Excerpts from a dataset
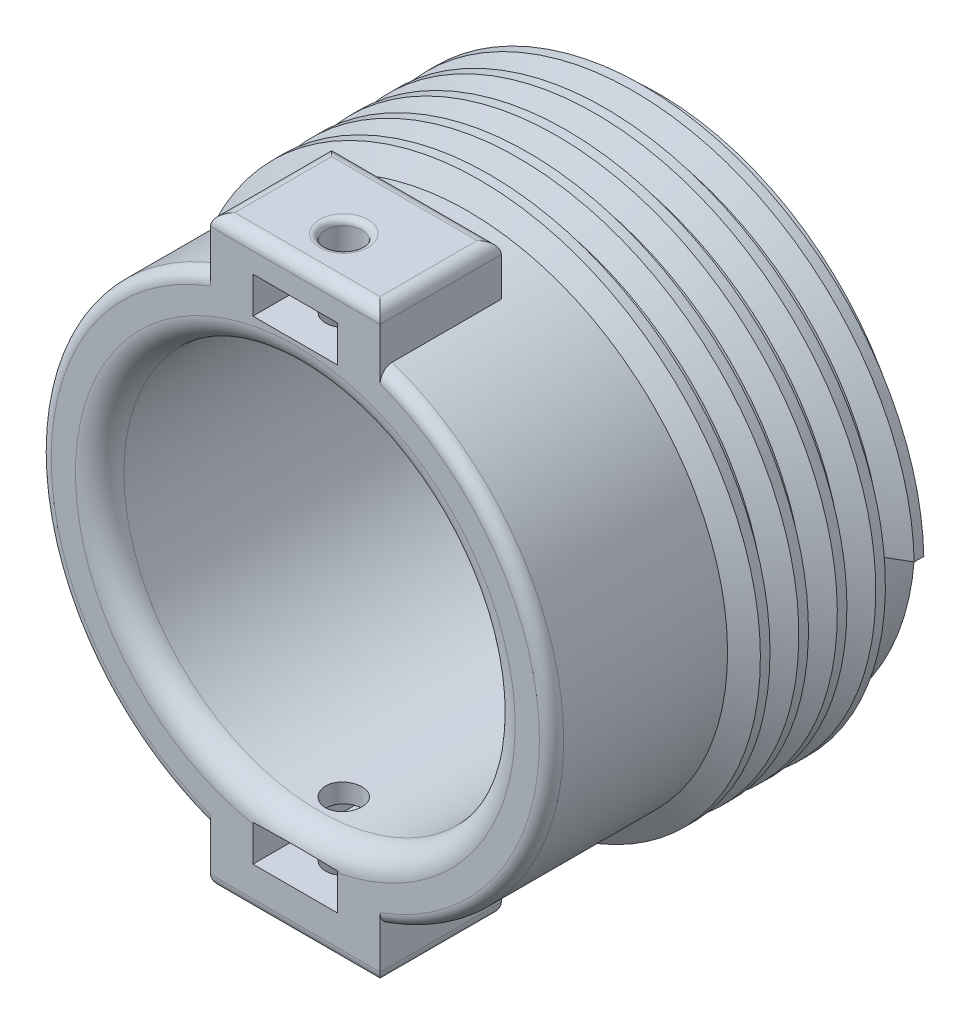
SolidWorks part; units mm, degrees
ref_plane "Plano frontal" through (0, 0, 0) normal (0, 0, 1) x (1, 0, 0)
ref_plane "Plano superior" through (0, 0, 0) normal (0, 1, 0) x (1, 0, 0)
ref_plane "Plano direito" through (0, 0, 0) normal (1, 0, 0) x (0, 0, -1)
sketch "Esboço1" plane through (0, 0, 0) normal (0, 0, 1) x (1, 0, 0)
  circle A0 centre (0, 0) radius 16.15
  circle A1 centre (0, 0) radius 21.15
  dimension "D1" = 32.3
  dimension "D2" = 42.3
extrude "Ressalto-extrusão1" add sketch "Esboço1" along normal blind 30
fillet "Filete1" radius 2 1 edges at (16.15, 0, 30)
fillet "Filete2" radius 1 1 edges at (21.15, 0, 30)
thread "Rosca1" pitch 3.175 method extrude profile "Perfil da rosca1" start angle 0, offset 0.0001, length 15, pitch 3.175, diameter 42.3
ref_plane "Plano1" through (21.15, 0, -0.0001) normal (0, 1, 0) x (-1, 0, 0)
sketch "Perfil da rosca1" plane through (21.15, 0, -0.0001) normal (0, 1, 0) x (-1, 0, 0)
  line L0 (0, 0) -> (0, 3.175) construction
  line L11 (0, 0) -> (0, 2.7781)
  line L12 (0, 2.7781) -> (-1.7185, 1.7859)
  line L13 (-1.7185, 1.7859) -> (-1.7185, 0.9922)
  line L15 (-1.7185, 0.9922) -> (0, 0)
  line L17 (-1.7185, 1.3891) -> (0, 1.3891) construction
  point P2 (0, 0)
  dimension "Pitch" = 3.175
  dimension "Profile_Angle" = 60
  dimension "Profile_Land" = 0.7937
  dimension "Profile_Height" = 1.7185
ref_plane "Plano2" through (0, 0, 25) normal (0, 0, 1) x (1, 0, 0)
sketch "Esboço4" plane through (0, 0, 25) normal (0, 0, 1) x (1, 0, 0)
  line L0 (0, 0) -> (22.8685, 0) construction
  line L1 (-7, -24.15) -> (7, -24.15)
  line L2 (-7, -24.15) -> (-7, -18.15)
  line L4 (7, -24.15) -> (7, -18.15)
  line L5 (-7, -24.15) -> (1.6667, -18.15) construction
  line L6 (-1.6667, -18.15) -> (7, -24.15) construction
  line L7 (-1.6667, 18.15) -> (7, 24.15) construction
  line L8 (-7, 24.15) -> (1.6667, 18.15) construction
  line L9 (7, 24.15) -> (7, 18.15)
  line L11 (-7, 24.15) -> (-7, 18.15)
  line L12 (-7, 24.15) -> (7, 24.15)
  line L13 (-7, 18.15) -> (7, 18.15)
  line L14 (-7, -18.15) -> (7, -18.15)
  point P0 (0, -19.3038)
  point P1 (0, 24.15)
  point P15 (0, 19.3038)
  point P19 (0, 18.15)
  point P22 (0, -18.15)
  dimension "D1" = 6
  dimension "D2" = 14
extrude "Ressalto-extrusão2" add sketch "Esboço4" along normal blind 5 and the other way blind 5
sketch "Esboço5" plane through (0, 24.15, 0) normal (0, 1, 0) x (1, 0, 0)
  line L0 (7, -30) -> (-7, -30) construction
  line L1 (0, -20) -> (0, -30) construction
  line L2 (7, -20) -> (-7, -20) construction
  circle A0 centre (0, -26) radius 1.5
  point P5 (0, -30)
  dimension "D1" = 3
  dimension "D2" = 4
extrude "Corte-extrusão1" cut sketch "Esboço5" against normal through all
sketch "Esboço6" plane through (0, 0, 30) normal (0, 0, 1) x (1, 0, 0)
  line L1 (-3.5, 21.5) -> (3.5, 21.5)
  line L2 (-3.5, 21.5) -> (-3.5, 18.5)
  line L3 (-3.5, 18.5) -> (3.5, 18.5)
  line L4 (3.5, 21.5) -> (3.5, 18.5)
  line L5 (-3.5, 21.5) -> (3.5, 18.5) construction
  line L6 (-3.5, 18.5) -> (3.5, 21.5) construction
  line L7 (-3.5, -17.6769) -> (3.5, -17.6769)
  line L8 (-3.5, -17.6769) -> (-3.5, -20.6769)
  line L9 (-3.5, -20.6769) -> (3.5, -20.6769)
  line L10 (3.5, -17.6769) -> (3.5, -20.6769)
  line L11 (-3.5, -17.6769) -> (3.5, -20.6769) construction
  line L12 (-3.5, -20.6769) -> (3.5, -17.6769) construction
  point P0 (0, 20)
  point P5 (0, -19.1769)
  dimension "D1" = 3
  dimension "D2" = 7
  dimension "D3" = 20
extrude "Corte-extrusão2" cut sketch "Esboço6" against normal blind 8.5
fillet "Filete3" radius 1 8 edges at (0, 24.15, 20) (7, 24.15, 25) (0, 24.15, 30) (-7, 24.15, 25) (0, -24.15, 20) (-7, -24.15, 25) (0, -24.15, 30) (7, -24.15, 25)
fillet "Filete4" radius 0.5 2 edges at (-1.5, 24.15, 26) (-1.5, -24.15, 26)
chamfer "Chanfro1" distance 3 angle 45 rebuild error yes
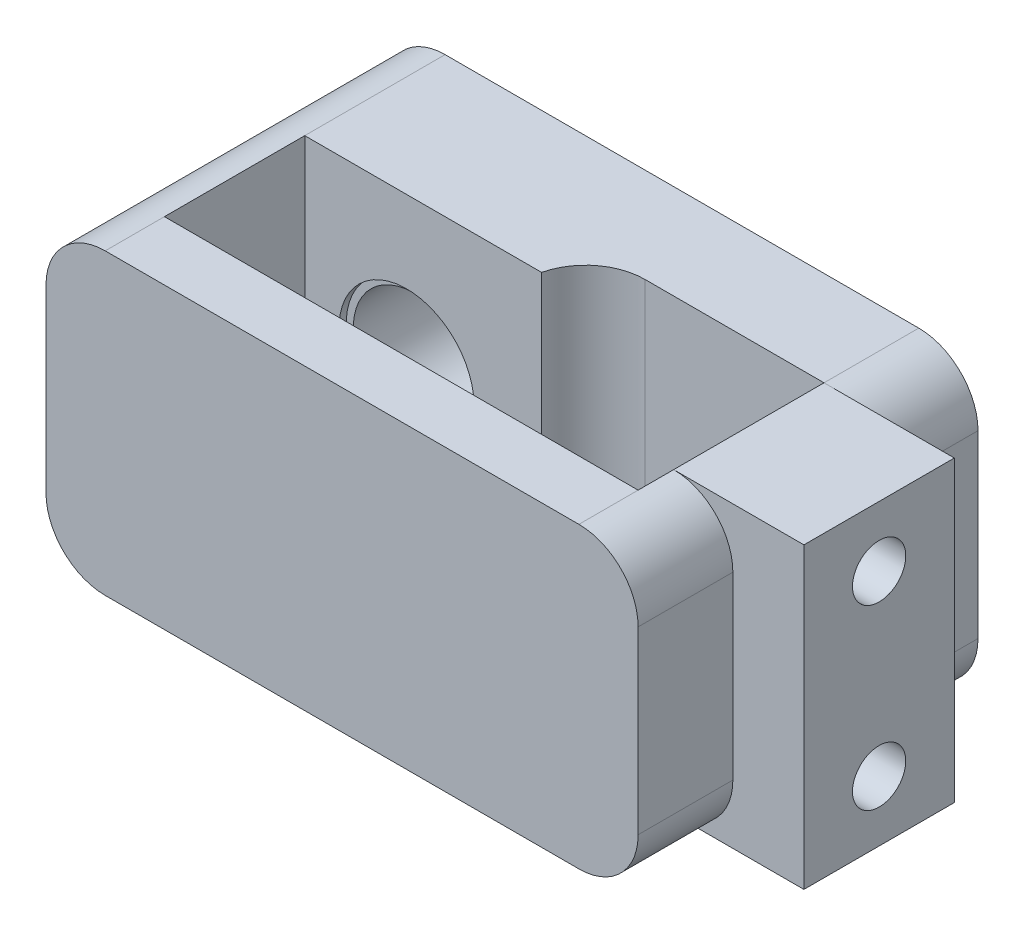
SolidWorks part; units mm, degrees
ref_plane "Front Plane" through (0, 0, 0) normal (0, 0, 1) x (1, 0, 0)
ref_plane "Top Plane" through (0, 0, 0) normal (0, 1, 0) x (1, 0, 0)
ref_plane "Right Plane" through (0, 0, 0) normal (1, 0, 0) x (0, 0, -1)
sketch "Sketch1" plane through (0, 0, 0) normal (0, 1, 0) x (1, 0, 0)
  line L1 (-20, 2.5) -> (20, 2.5)
  line L2 (-20, 2.5) -> (-20, -9.35)
  line L3 (-20, -9.35) -> (20, -9.35)
  line L4 (20, 2.5) -> (20, -9.35)
  line L7 (-25, 14.35) -> (25, 14.35)
  line L8 (-25, 14.35) -> (-25, -14.35)
  line L9 (-25, -14.35) -> (25, -14.35)
  line L10 (25, 14.35) -> (25, -14.35)
  point P0 (0, 0)
  point P6 (0, -9.35)
  point P7 (0, 0)
  point P12 (0, -14.35)
  point P13 (25, 0)
  dimension "D1" = 5
  dimension "D2" = 11.85
  dimension "D3" = 50
  dimension "D4" = 28.7
  dimension "D5" = 5
extrude "Boss-Extrude1" add sketch "Sketch1" along normal blind 25.2
sketch "Sketch4" plane through (0, 0, -2.5) normal (0, 0, 1) x (1, 0, 0)
  line L0 (-25, 25.2) -> (-25, 0) construction
  point P0 (-11.4, 12.6)
  point P7 (-25, 12.6)
  dimension "D1" = 13.6
sketch "Sketch9" plane through (20, 0, 0) normal (-1, 0, 0) x (0, 0, 1)
  line L0 (0, 20.1) -> (0, 5.1) construction
  line L2 (14.35, 25.2) -> (14.35, 0) construction
  point P0 (0, 20.1)
  point P2 (0, 5.1)
  point P11 (14.35, 12.6)
  point P12 (0, 12.6)
  dimension "D1" = 15
hole_wizard "Hole1" positions "Sketch4" profile "Sketch3" legacy end condition up to next
sketch "Sketch3" plane through (-11.4, 12.6, -2.5) normal (1, 0, 0) x (0, -1, 0)
  line L0 (0, 0) -> (0, 11.85)
  line L1 (0, 11.85) -> (5.1, 11.85)
  line L2 (5.1, 11.85) -> (5.1, 0.6)
  line L3 (5.1, 0.6) -> (5.7, 0.6)
  line L4 (5.7, 0.6) -> (5.7, 0)
  line L5 (5.7, 0) -> (0, 0)
  line L6 (0, 110) -> (0, -10) construction
  dimension "Diameter" = 10.2
  dimension "Depth" = 11.85
  dimension "C-Bore Diameter" = 11.4
  dimension "C-Bore Depth" = 0.6
sketch "Sketch10" plane through (25, 0, 0) normal (1, 0, 0) x (0, 0, -1)
  line L0 (-14.35, 25.2) -> (14.35, 25.2) construction
  line L1 (-6.35, 25.2) -> (6.35, 25.2)
  line L2 (-6.35, 25.2) -> (-6.35, 0)
  line L3 (-6.35, 0) -> (6.35, 0)
  line L4 (6.35, 25.2) -> (6.35, 0)
  line L5 (-14.35, 0) -> (14.35, 0) construction
  point P8 (0, 0)
  dimension "D1" = 12.7
extrude "Boss-Extrude2" add sketch "Sketch10" along normal blind 6
hole_wizard "M4 Clearance Hole1" positions "Sketch9" profile "Sketch8" hole size "M4" standard "ANSI Metric" end condition through all
sketch "Sketch8" plane through (20, 20.1, 0) normal (0, 1, 0) x (0, 0, 1)
  line L0 (0, 0) -> (0, 11)
  line L1 (0, 11) -> (2.25, 11)
  line L2 (2.25, 11) -> (2.25, 0.025)
  line L3 (2.25, 0.025) -> (2.275, 0)
  line L5 (2.275, 0) -> (0, 0)
  line L6 (-2.25, 0.025) -> (-2.275, 0) construction
  line L11 (0, -6.35) -> (0, 107.95) construction
  dimension "Thru Hole Dia." = 4.5
  dimension "Thru Hole Depth" = 11
  dimension "Near C'Sink Dia." = 4.55
  dimension "Near C'Sink Angle" = 90
sketch "Sketch11" plane through (0, 25.2, 0) normal (0, 1, 0) x (1, 0, 0)
  line L1 (20, 2.5) -> (0, 2.5)
  line L2 (20, 2.5) -> (20, 6.35)
  line L3 (20, 6.35) -> (0, 6.35)
  line L4 (0, 2.5) -> (0, 6.35)
extrude "Cut-Extrude1" cut sketch "Sketch11" against normal through all
fillet "Fillet1" radius 5 7 edges at (25, 0, -10.35) (25, 25.2, -10.35) (25, 0, 10.35) (25, 25.2, 10.35) (-25, 0, 0) (0, 12.6, -6.35) (-25, 25.2, 0)

> **AIM OF THE TASK**: Reprint exactly the lines above that start at the one with "line L6 (-1.6667, -18.15)" and end at the one with "point P22 (0, -18.15)", keeping both and adding none.

> **EXERCISE RESULT**:
  line L6 (-1.6667, -18.15) -> (7, -24.15) construction
  line L7 (-1.6667, 18.15) -> (7, 24.15) construction
  line L8 (-7, 24.15) -> (1.6667, 18.15) construction
  line L9 (7, 24.15) -> (7, 18.15)
  line L11 (-7, 24.15) -> (-7, 18.15)
  line L12 (-7, 24.15) -> (7, 24.15)
  line L13 (-7, 18.15) -> (7, 18.15)
  line L14 (-7, -18.15) -> (7, -18.15)
  point P0 (0, -19.3038)
  point P1 (0, 24.15)
  point P15 (0, 19.3038)
  point P19 (0, 18.15)
  point P22 (0, -18.15)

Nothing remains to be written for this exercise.